As you know I am at the cabin (just 2weeks left). I think that I bought more than 2 skeins on sale and the rest is at home. The yarn is Patons kroy jacquards. I am usually very careful when I get yarn to make sure they are all the same dye lot. Either I have more at home or a senior moment when I bought the yarn. I bought the yarn. I did not order off the internet so it is my fault.


----------



## 5mmdpns

Cookie1957 said:


> I feel so dumb. I had a family emergency so I did not get to start last week as planned. I am stumped at the very beginning. Here's where I am. I have cast on my stitches, worked the first row as K2 P2 as you suggested to keep stitches from twisting. I have used the link you provided to distribute my stitches on the the 3 needles and it is not working. The picture in the link says I should have the cast on tail and the working yarn on the same needle. Mine are on separate needles.
> 
> Can you please tell me what I did wrong? I think once I get past this part I will be good to go. This has been my major problem in trying to work on dpns in the past.
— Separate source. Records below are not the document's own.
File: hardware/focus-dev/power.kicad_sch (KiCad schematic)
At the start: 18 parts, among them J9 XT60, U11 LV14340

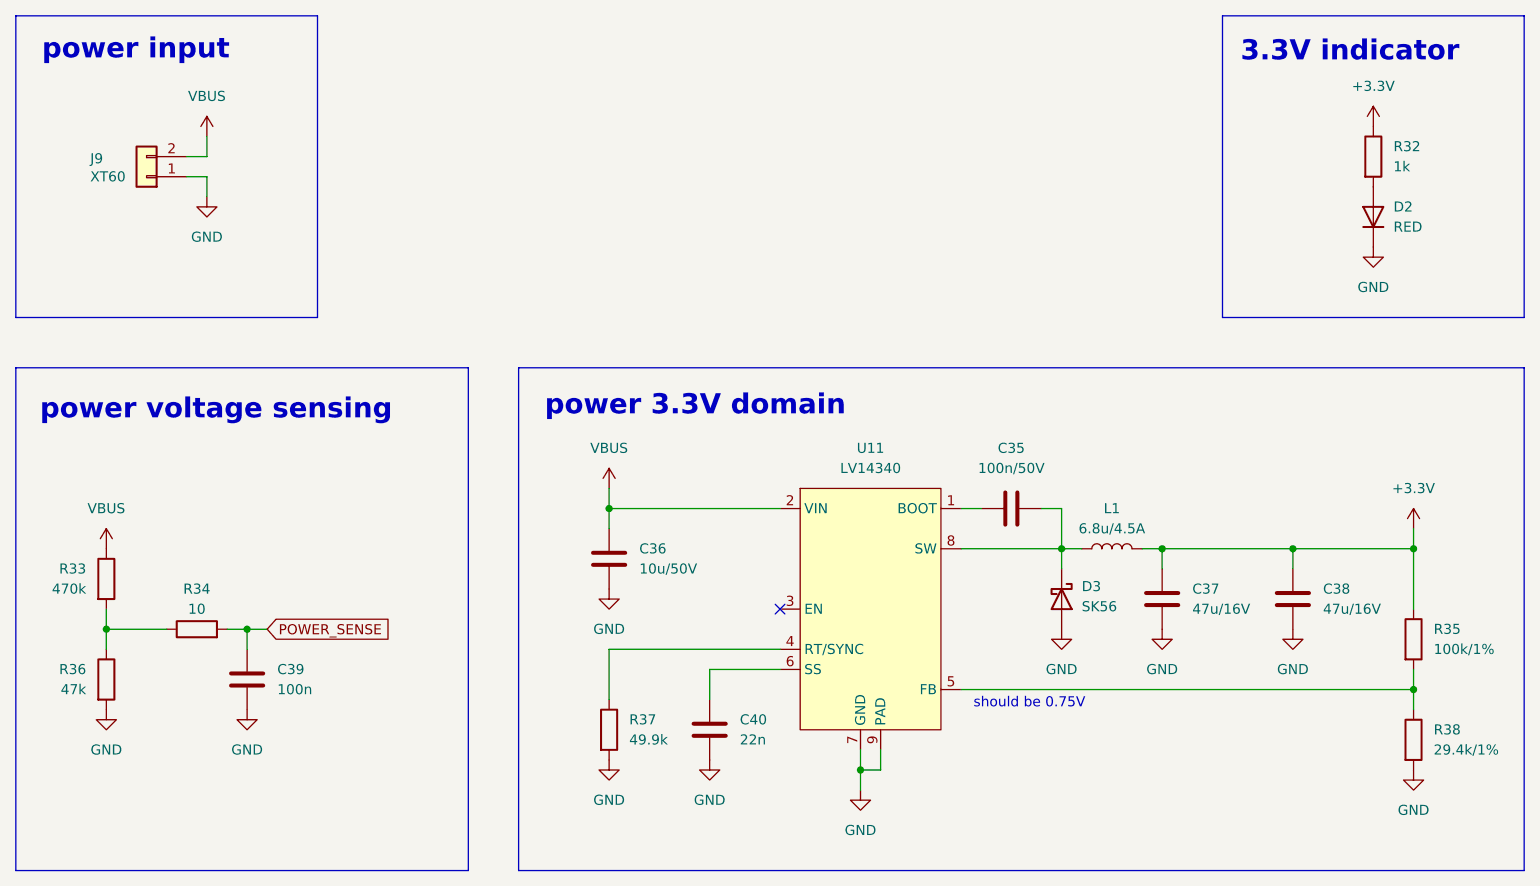
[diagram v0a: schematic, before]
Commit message: wip: remove onboard encoders
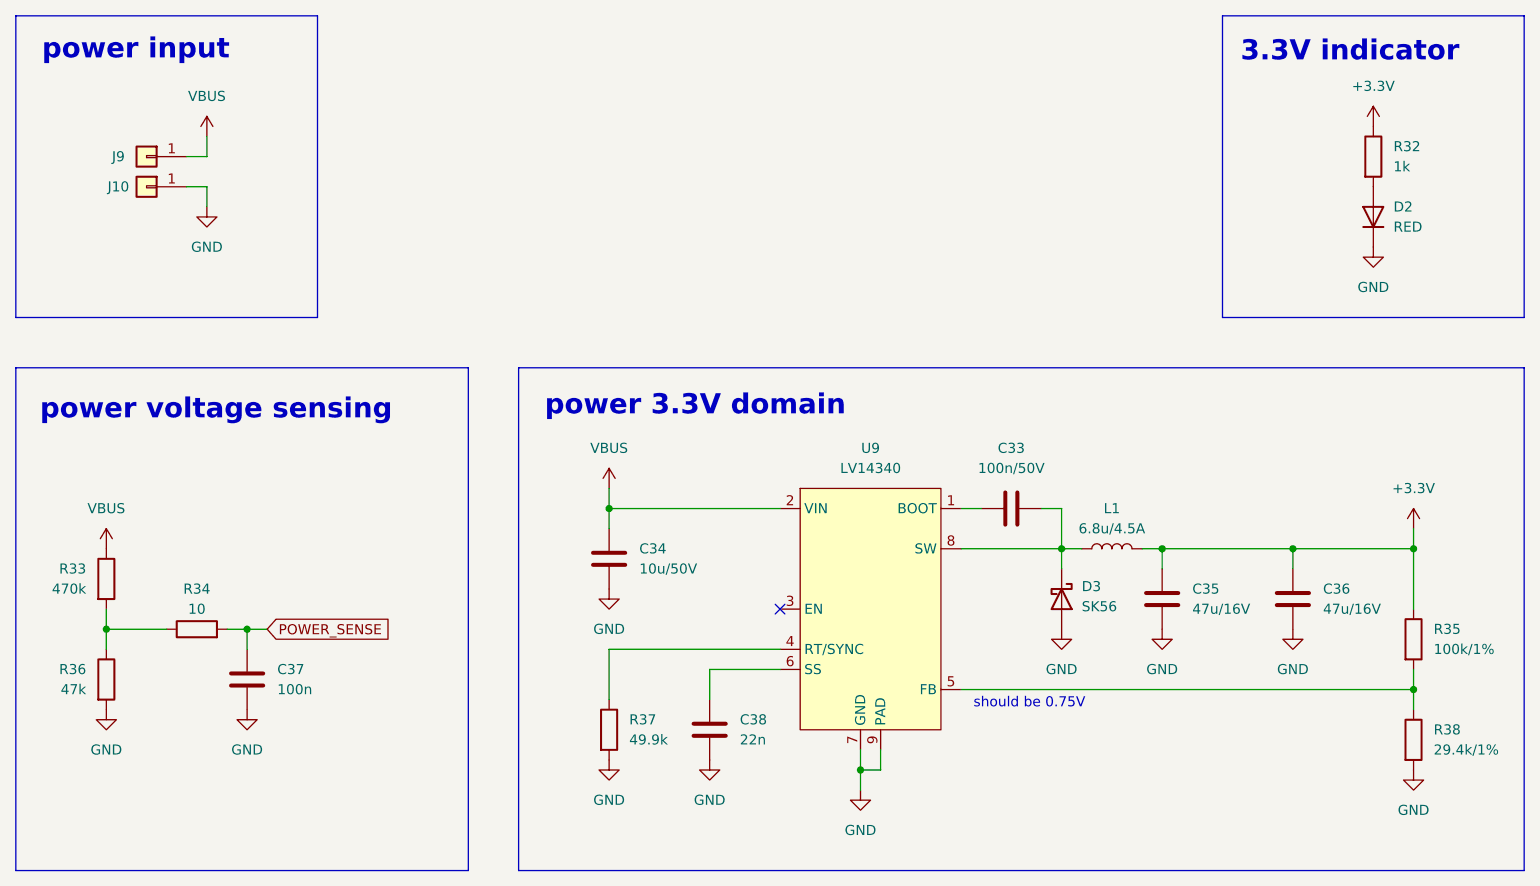
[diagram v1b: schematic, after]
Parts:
- removed J9: XT60, lib:XT60PW-M, symbol Connector_Generic:Conn_01x02
- added J10, J9: Conn_01x01, Connector_Wire:SolderWire-4sqmm_1x01_D3mm_OD6mm, symbol Connector_Generic:Conn_01x01
- renumbered C35 to C33, C36 to C34, C37 to C35, C38 to C36, C39 to C37, C40 to C38, U11 to U9
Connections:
- net GND: now also J10.1 (Pin_1)
- net VBUS: now also J9.1 (Pin_1)

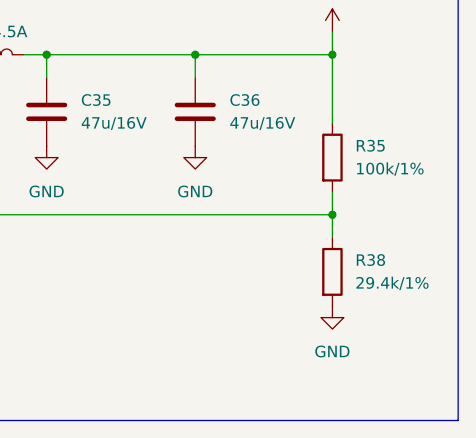
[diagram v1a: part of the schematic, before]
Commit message: wip: change resistor value
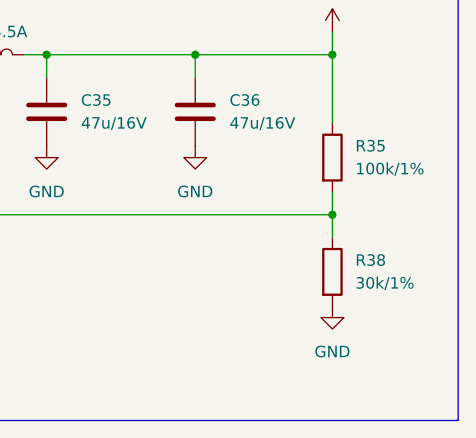
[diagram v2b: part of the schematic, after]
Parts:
- R38: value 29.4k/1% -> 30k/1%
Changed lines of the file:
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@@
 			)
 		)
-		(property "Value" "29.4k/1%"
+		(property "Value" "30k/1%"
 			(at 242.57 130.8099 0)
 			(effects

Thanks for your help!!!


You did nothing wrong! If you had joined in the round immediately after casting on, then the cast on tail and the working yarn would be on the same needle. Actually, after the long tail cast on is done, you will notice that the working yarn and the cast on tail is one stitch above the other. Now that you ribbed one row, the working yarn and the cast on tail yarn are at opposite ends of the needle. That is ok.

It is more important that you knit the first row before joining the round so that you do not getting your stitches twisted!!! (You can ignore the detail of what that picture indicated!) Now you just continue on. It is good. :thumbup:


----------



## 5mmdpns

Judy, I hope you are enjoying your time at the cabin, and I do remember that you were going up there for a while. When you get home, you may want to check your yarn and see if the matching Kroy yarns are in your stash, then knit the matching ones. Also when you are comfortable with the socks in the book, you may want to take a peek at the patterned socks in the back of the book. They are all based on the basic sock instructions with a few extra patterns on the leg and cuff. Some have the patterns in the self-striping yarns. 

Using the chunky yarn, you may want to knit some ankle socks using the pattern on page 60. These ankle socks if knit a little bigger than your foot, will be excellent slipper socks.


----------



## 5mmdpns

Hannelore said:


> I have done the heel flap and turned the heel, now I am up to picking up the slipped stitches to get to the foot part of the sock. In the past I have picked up the front part of the stitch. Is this the right way or do I pick up the two bars of the stitch?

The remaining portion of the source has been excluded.